Umm, I would. Running Wireshark or tcpdump to sniff traffic over the wire is easy, and analysis can be done offline at the attacker's leisure.
Hijacking DNS and phsishing for users' login credentials to other sites requires a lot more preparation, and in most cases, prior selection of the desired target sites.
An attacker in Estonia manages to compromise a single DNS cache serving a residential cable ISP in Tuscon, AZ. Without SSL in the way, she now owns several thousand bank account logins and Yahoo Mail passwords.
(2)
An attacker in Estonia manages to compromise a single DNS cache serving a residential cable ISP in Tuscon, AZ. With SSL in the way, she now owns several bank account logins and Yahoo Mail passwords.
If you do not have a valid certificate signed by a CA, SSL is not providing any security.

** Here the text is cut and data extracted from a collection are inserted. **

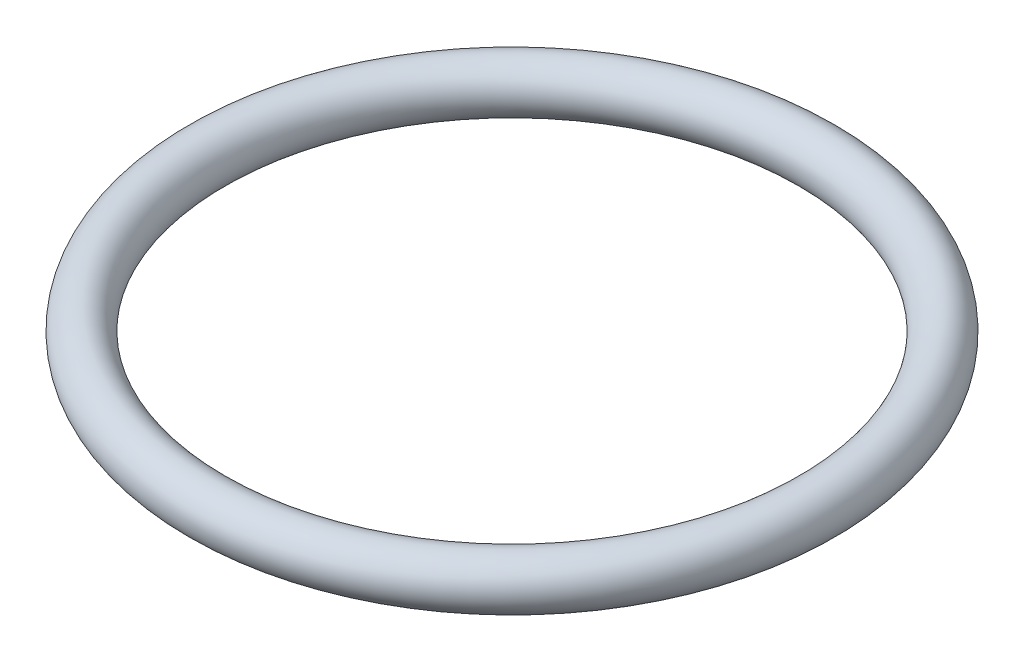
from build123d import *

# Parameters (mm, degrees)
SKETCH3_R = 0.7


with BuildPart() as part:
    # Sketch3 → Revolve1 (revolve)
    with BuildSketch(Plane.XY):
        with Locations((8.5, 0)):
            Circle(SKETCH3_R)
    revolve(axis=Axis((0, 0, 0), (0, 1, 0)))


solid = part.part

Yes, the warning you get when you visit a site with an invalid cert is much scarier than what you see if you visit an unencrypted site. But it's the sites that use encryption that users care about, because those are the sites that get their passwords and credit card numbers.
Perhaps you think the browser should make an exception for self-signed certs. After all, there's nothing "wrong" with their signatures. Nothing's expired. No signature fails to validate. Why not just make the URL bar orange or something? Because anyone can create a self-signed cert and sub it into a Bank of America SSL connection.
It sure is annoying that you have to pay $20 every year to keep an SSL cert. I totally agree that this a problem. But right now, without that $20, you have a connection that provides cryptographically zero security. Short of coming up with a way to create a trustworthy CA that runs for less than $20 a year, there is no great solution to this problem.